= Aim of the exercise =
With the pictures omitted, repeat exactly the lines below starting with the line that has "Scope1 : Scope" and going on through the line that has "ball_y/1 -> error_node_y/1".

(Collected data)
== == ==
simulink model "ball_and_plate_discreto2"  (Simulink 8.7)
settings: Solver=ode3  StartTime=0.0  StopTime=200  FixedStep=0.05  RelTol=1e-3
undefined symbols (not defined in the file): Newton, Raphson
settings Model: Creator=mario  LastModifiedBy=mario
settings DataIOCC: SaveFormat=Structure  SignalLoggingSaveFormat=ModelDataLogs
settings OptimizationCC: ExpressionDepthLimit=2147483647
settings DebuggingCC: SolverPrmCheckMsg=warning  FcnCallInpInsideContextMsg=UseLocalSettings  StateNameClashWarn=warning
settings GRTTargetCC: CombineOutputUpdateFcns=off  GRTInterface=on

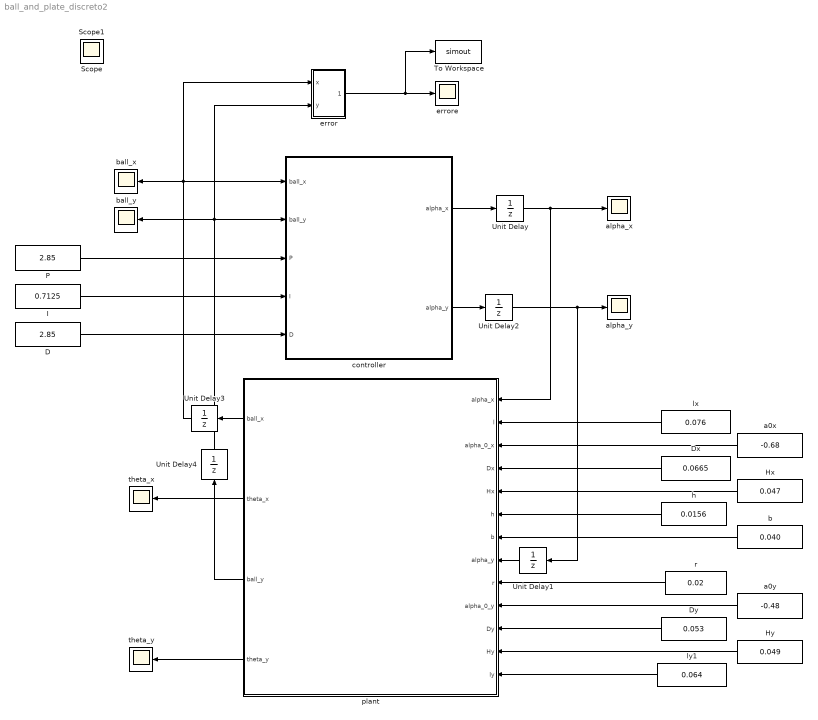
== system ball_and_plate_discreto2 ==
  D : Constant  Value=2.85  SampleTime=-1
  Dx : Constant  Value=0.0665
  Dy : Constant  Value=0.053
  Hx : Constant  Value=0.047
  Hy : Constant  Value=0.049
  I : Constant  Value=0.7125  SampleTime=-1
  P : Constant  Value=2.85  SampleTime=-1
  To Workspace : ToWorkspace  VariableName=simout  SampleTime=-1
  Unit Delay{,1..4} (5 alike) : UnitDelay  SampleTime=-1
  a0x : Constant  Value=-0.68  SampleTime=-1
  a0y : Constant  Value=-0.48  SampleTime=-1
  alpha_x : Scope
  alpha_y : Scope
  b : Constant  Value=0.040
  ball_x : Scope
  ball_y : Scope
  controller : Subsystem
  error : Subsystem
  errore : Scope
  h : Constant  Value=0.0156
  lx : Constant  Value=0.076
  ly1 : Constant  Value=0.064
  plant : Subsystem
  r : Constant  Value=0.02
  theta_x : Scope
  theta_y : Scope
  Scope : Scope
  Scope1 : Scope
  wires:
  error/1(error) -> errore/1, To Workspace/1
  plant/1(ball_x) -> Unit Delay3/1
  a0x/1 -> plant/3(alpha_0_x)
  Dx/1 -> plant/4(Dx)
  Hx/1 -> plant/5(Hx)
  plant/2(theta_x) -> theta_x/1
  controller/2(alpha_y) -> Unit Delay2/1
  a0y/1 -> plant/10(alpha_0_y)
  Dy/1 -> plant/11(Dy)
  Hy/1 -> plant/12(Hy)
  lx/1 -> plant/2(l)
  h/1 -> plant/6(h)
  b/1 -> plant/7(b)
  r/1 -> plant/9(r)
  plant/3(ball_y) -> Unit Delay4/1
  plant/4(theta_y) -> theta_y/1
  ly1/1 -> plant/13(ly)
  P/1 -> controller/3(P)
  I/1 -> controller/4(I)
  D/1 -> controller/5(D)
  controller/1(alpha_x) -> Unit Delay/1
  Unit Delay1/1 -> plant/8(alpha_y)
  Unit Delay/1 -> plant/1(alpha_x), alpha_x/1
  Unit Delay2/1 -> Unit Delay1/1, alpha_y/1
  Unit Delay3/1 -> controller/1(ball_x), ball_x/1, error/1(x)
  Unit Delay4/1 -> controller/2(ball_y), ball_y/1, error/2(y)

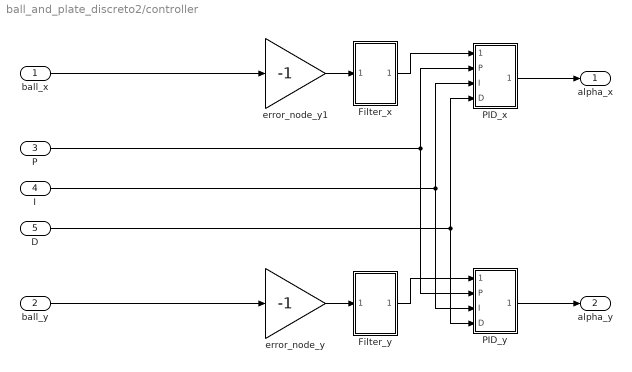
== system ball_and_plate_discreto2/controller ==
  ball_x : Inport
  ball_y : Inport  Port=2
  P : Inport  Port=3
  I : Inport  Port=4
  D : Inport  Port=5
  Filter_x : Subsystem
  Filter_y : Subsystem
  PID_x : Subsystem
  PID_y : Subsystem
  error_node_y : Gain  Gain=-1  SampleTime=50e-3
  error_node_y1 : Gain  Gain=-1  SampleTime=50e-3
  alpha_x : Outport
  alpha_y : Outport  Port=2
  wires:
  error_node_y1/1 -> Filter_x/1(In1)
  error_node_y/1 -> Filter_y/1(In1)
  Filter_y/1(Out1) -> PID_y/1(In1)
  ball_y/1 -> error_node_y/1
  ball_x/1 -> error_node_y1/1
  PID_y/1(Out1) -> alpha_y/1
  PID_x/1(Out1) -> alpha_x/1
  Filter_x/1(Out1) -> PID_x/1(In1)
  P/1 -> PID_x/2(P), PID_y/2(P)
  I/1 -> PID_x/3(I), PID_y/3(I)
  D/1 -> PID_x/4(D), PID_y/4(D)

== system ball_and_plate_discreto2/error ==
  x : Inport
  y : Inport  Port=2
  Product : Product  RndMeth=Zero
  Product1 : Product  RndMeth=Zero
  Sqrt : Sqrt  AlgorithmType=Newton-Raphson  SaturateOnIntegerOverflow=on
  Sum : Sum
  error : Outport
  wires:
  Sum/1 -> Sqrt/1
  Product1/1 -> Sum/1
  Product/1 -> Sum/2
  y/1 -> Product/2, Product/1
  x/1 -> Product1/1, Product1/2
  Sqrt/1 -> error/1

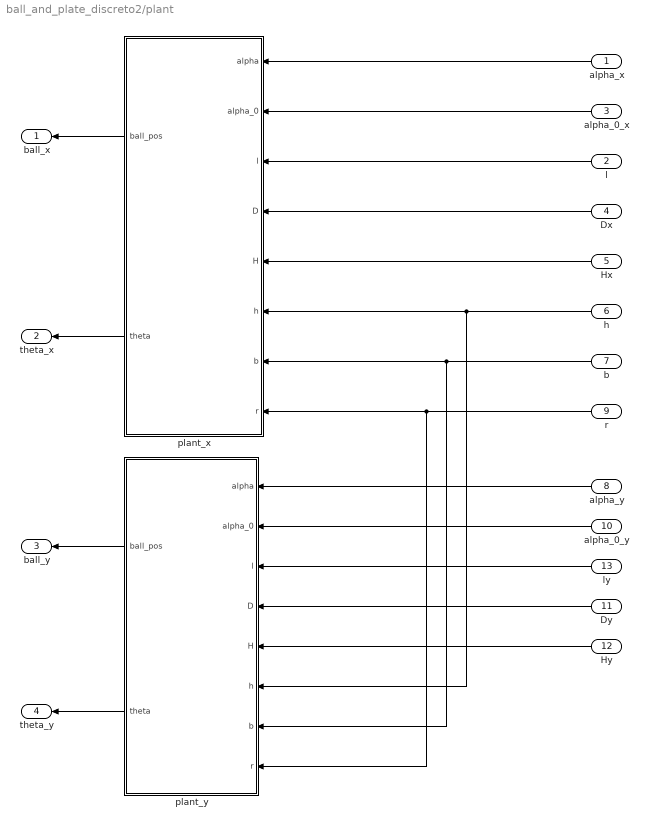
== system ball_and_plate_discreto2/plant ==
  alpha_x : Inport
  l : Inport  Port=2
  alpha_0_x : Inport  Port=3
  Dx : Inport  Port=4
  Hx : Inport  Port=5
  h : Inport  Port=6
  b : Inport  Port=7
  alpha_y : Inport  Port=8
  r : Inport  Port=9
  alpha_0_y : Inport  Port=10
  Dy : Inport  Port=11
  Hy : Inport  Port=12
  ly : Inport  Port=13
  plant_x : Subsystem
  plant_y : Subsystem
  ball_x : Outport
  theta_x : Outport  Port=2
  ball_y : Outport  Port=3
  theta_y : Outport  Port=4
  wires:
  l/1 -> plant_x/3(l)
  h/1 -> plant_y/6(h), plant_x/6(h)
  b/1 -> plant_y/7(b), plant_x/7(b)
  r/1 -> plant_y/8(r), plant_x/8(r)
  alpha_0_x/1 -> plant_x/2(alpha_0)
  plant_x/1(ball_pos) -> ball_x/1
  Dx/1 -> plant_x/4(D)
  Hx/1 -> plant_x/5(H)
  plant_x/2(theta) -> theta_x/1
  alpha_y/1 -> plant_y/1(alpha)
  alpha_0_y/1 -> plant_y/2(alpha_0)
  plant_y/1(ball_pos) -> ball_y/1
  Dy/1 -> plant_y/4(D)
  Hy/1 -> plant_y/5(H)
  plant_y/2(theta) -> theta_y/1
  ly/1 -> plant_y/3(l)
  alpha_x/1 -> plant_x/1(alpha)

== system ball_and_plate_discreto2/controller/Filter_x ==
  In1 : Inport
  Gain1 : Gain  Gain=0.714  SampleTime=50e-3
  Gain2 : Gain  Gain=-0.6  SampleTime=50e-3
  Integer Delay : Delay  DelayLength=1  InputProcessing=Inherited
  Integer Delay1 : Delay  DelayLength=1  InputProcessing=Inherited  SampleTime=50e-3
  Sum : Sum  Inputs=|+++  SampleTime=50e-3
  Out1 : Outport
  wires:
  Sum/1 -> Gain1/1
  Gain1/1 -> Integer Delay1/1, Out1/1
  Integer Delay1/1 -> Gain2/1
  Integer Delay/1 -> Sum/1
  Gain2/1 -> Sum/3
  In1/1 -> Integer Delay/1, Sum/2

== system ball_and_plate_discreto2/controller/Filter_y ==
  In1 : Inport
  Gain1 : Gain  Gain=0.714  SampleTime=50e-3
  Gain2 : Gain  Gain=-0.6  SampleTime=50e-3
  Integer Delay : Delay  DelayLength=1  InputProcessing=Inherited  SampleTime=50e-3
  Integer Delay1 : Delay  DelayLength=1  InputProcessing=Inherited  SampleTime=50e-3
  Sum : Sum  Inputs=+++  SampleTime=50e-3
  Out1 : Outport
  wires:
  Integer Delay1/1 -> Gain2/1
  Gain1/1 -> Integer Delay1/1, Out1/1
  Sum/1 -> Gain1/1
  Integer Delay/1 -> Sum/1
  In1/1 -> Integer Delay/1, Sum/2
  Gain2/1 -> Sum/3

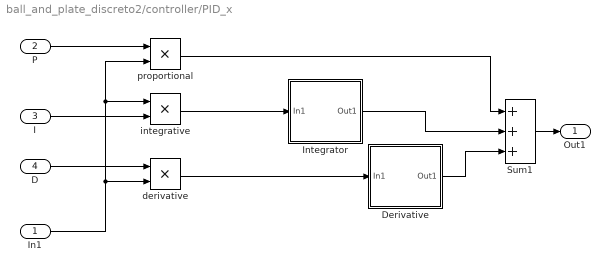
== system ball_and_plate_discreto2/controller/PID_x ==
  In1 : Inport
  P : Inport  Port=2
  I : Inport  Port=3
  D : Inport  Port=4
  Derivative : Subsystem
  Integrator : Subsystem
  Sum1 : Sum  Inputs=+++  SampleTime=50e-3
  derivative : Product  RndMeth=Zero
  integrative : Product  RndMeth=Zero
  proportional : Product  RndMeth=Zero
  Out1 : Outport
  wires:
  Sum1/1 -> Out1/1
  derivative/1 -> Derivative/1(In1)
  proportional/1 -> Sum1/1
  Integrator/1(Out1) -> Sum1/2
  Derivative/1(Out1) -> Sum1/3
  I/1 -> integrative/2
  D/1 -> derivative/1
  In1/1 -> proportional/2, integrative/1, derivative/2
  P/1 -> proportional/1
  integrative/1 -> Integrator/1(In1)

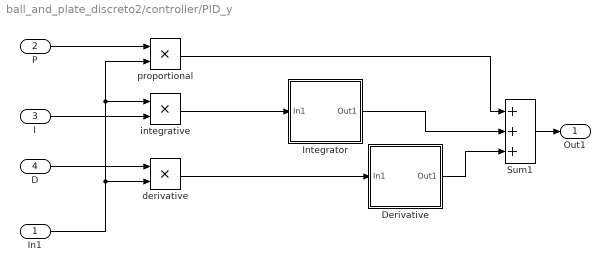
== system ball_and_plate_discreto2/controller/PID_y ==
  In1 : Inport
  P : Inport  Port=2
  I : Inport  Port=3
  D : Inport  Port=4
  Derivative : Subsystem
  Integrator : Subsystem
  Sum1 : Sum  Inputs=+++  SampleTime=50e-3
  derivative : Product  RndMeth=Zero
  integrative : Product  RndMeth=Zero
  proportional : Product  RndMeth=Zero
  Out1 : Outport
  wires:
  Sum1/1 -> Out1/1
  derivative/1 -> Derivative/1(In1)
  proportional/1 -> Sum1/1
  Integrator/1(Out1) -> Sum1/2
  Derivative/1(Out1) -> Sum1/3
  I/1 -> integrative/2
  D/1 -> derivative/1
  In1/1 -> proportional/2, integrative/1, derivative/2
  P/1 -> proportional/1
  integrative/1 -> Integrator/1(In1)

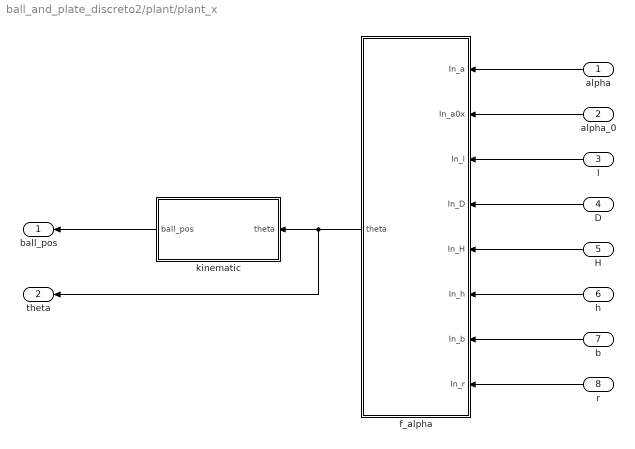
== system ball_and_plate_discreto2/plant/plant_x ==
  alpha : Inport
  alpha_0 : Inport  Port=2
  l : Inport  Port=3
  D : Inport  Port=4
  H : Inport  Port=5
  h : Inport  Port=6
  b : Inport  Port=7
  r : Inport  Port=8
  f_alpha : Subsystem
  kinematic : Subsystem
  ball_pos : Outport
  theta : Outport  Port=2
  wires:
  f_alpha/1(theta) -> theta/1, kinematic/1(theta)
  alpha/1 -> f_alpha/1(In_a)
  alpha_0/1 -> f_alpha/2(In_a0x)
  l/1 -> f_alpha/3(In_l)
  D/1 -> f_alpha/4(In_D)
  H/1 -> f_alpha/5(In_H)
  h/1 -> f_alpha/6(In_h)
  b/1 -> f_alpha/7(In_b)
  r/1 -> f_alpha/8(In_r)
  kinematic/1(ball_pos) -> ball_pos/1

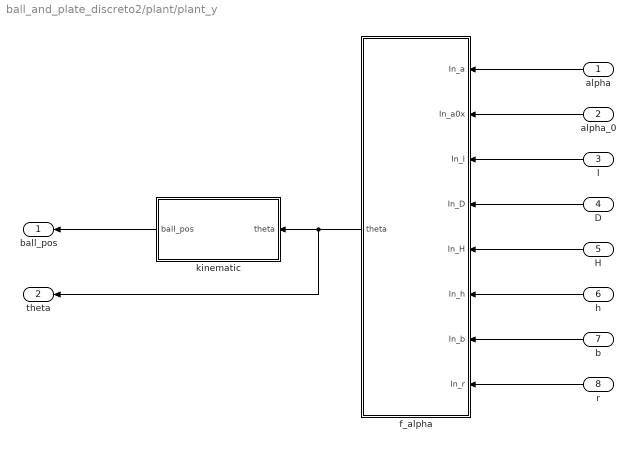
== system ball_and_plate_discreto2/plant/plant_y ==
  alpha : Inport
  alpha_0 : Inport  Port=2
  l : Inport  Port=3
  D : Inport  Port=4
  H : Inport  Port=5
  h : Inport  Port=6
  b : Inport  Port=7
  r : Inport  Port=8
  f_alpha : Subsystem
  kinematic : Subsystem
  ball_pos : Outport
  theta : Outport  Port=2
  wires:
  f_alpha/1(theta) -> theta/1, kinematic/1(theta)
  alpha/1 -> f_alpha/1(In_a)
  alpha_0/1 -> f_alpha/2(In_a0x)
  l/1 -> f_alpha/3(In_l)
  D/1 -> f_alpha/4(In_D)
  H/1 -> f_alpha/5(In_H)
  h/1 -> f_alpha/6(In_h)
  b/1 -> f_alpha/7(In_b)
  r/1 -> f_alpha/8(In_r)
  kinematic/1(ball_pos) -> ball_pos/1

== system ball_and_plate_discreto2/controller/PID_x/Derivative ==
  In1 : Inport
  Gain3 : Gain  Gain=20  SampleTime=50e-3
  Integer Delay1 : Delay  DelayLength=1  InputProcessing=Inherited  SampleTime=50e-3
  Sum : Sum  Inputs=|+-
  Out1 : Outport
  wires:
  Gain3/1 -> Out1/1
  In1/1 -> Sum/1, Integer Delay1/1
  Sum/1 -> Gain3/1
== == ==
= Your response =
  Scope1 : Scope
  wires:
  error/1(error) -> errore/1, To Workspace/1
  plant/1(ball_x) -> Unit Delay3/1
  a0x/1 -> plant/3(alpha_0_x)
  Dx/1 -> plant/4(Dx)
  Hx/1 -> plant/5(Hx)
  plant/2(theta_x) -> theta_x/1
  controller/2(alpha_y) -> Unit Delay2/1
  a0y/1 -> plant/10(alpha_0_y)
  Dy/1 -> plant/11(Dy)
  Hy/1 -> plant/12(Hy)
  lx/1 -> plant/2(l)
  h/1 -> plant/6(h)
  b/1 -> plant/7(b)
  r/1 -> plant/9(r)
  plant/3(ball_y) -> Unit Delay4/1
  plant/4(theta_y) -> theta_y/1
  ly1/1 -> plant/13(ly)
  P/1 -> controller/3(P)
  I/1 -> controller/4(I)
  D/1 -> controller/5(D)
  controller/1(alpha_x) -> Unit Delay/1
  Unit Delay1/1 -> plant/8(alpha_y)
  Unit Delay/1 -> plant/1(alpha_x), alpha_x/1
  Unit Delay2/1 -> Unit Delay1/1, alpha_y/1
  Unit Delay3/1 -> controller/1(ball_x), ball_x/1, error/1(x)
  Unit Delay4/1 -> controller/2(ball_y), ball_y/1, error/2(y)

== system ball_and_plate_discreto2/controller ==
  ball_x : Inport
  ball_y : Inport  Port=2
  P : Inport  Port=3
  I : Inport  Port=4
  D : Inport  Port=5
  Filter_x : Subsystem
  Filter_y : Subsystem
  PID_x : Subsystem
  PID_y : Subsystem
  error_node_y : Gain  Gain=-1  SampleTime=50e-3
  error_node_y1 : Gain  Gain=-1  SampleTime=50e-3
  alpha_x : Outport
  alpha_y : Outport  Port=2
  wires:
  error_node_y1/1 -> Filter_x/1(In1)
  error_node_y/1 -> Filter_y/1(In1)
  Filter_y/1(Out1) -> PID_y/1(In1)
  ball_y/1 -> error_node_y/1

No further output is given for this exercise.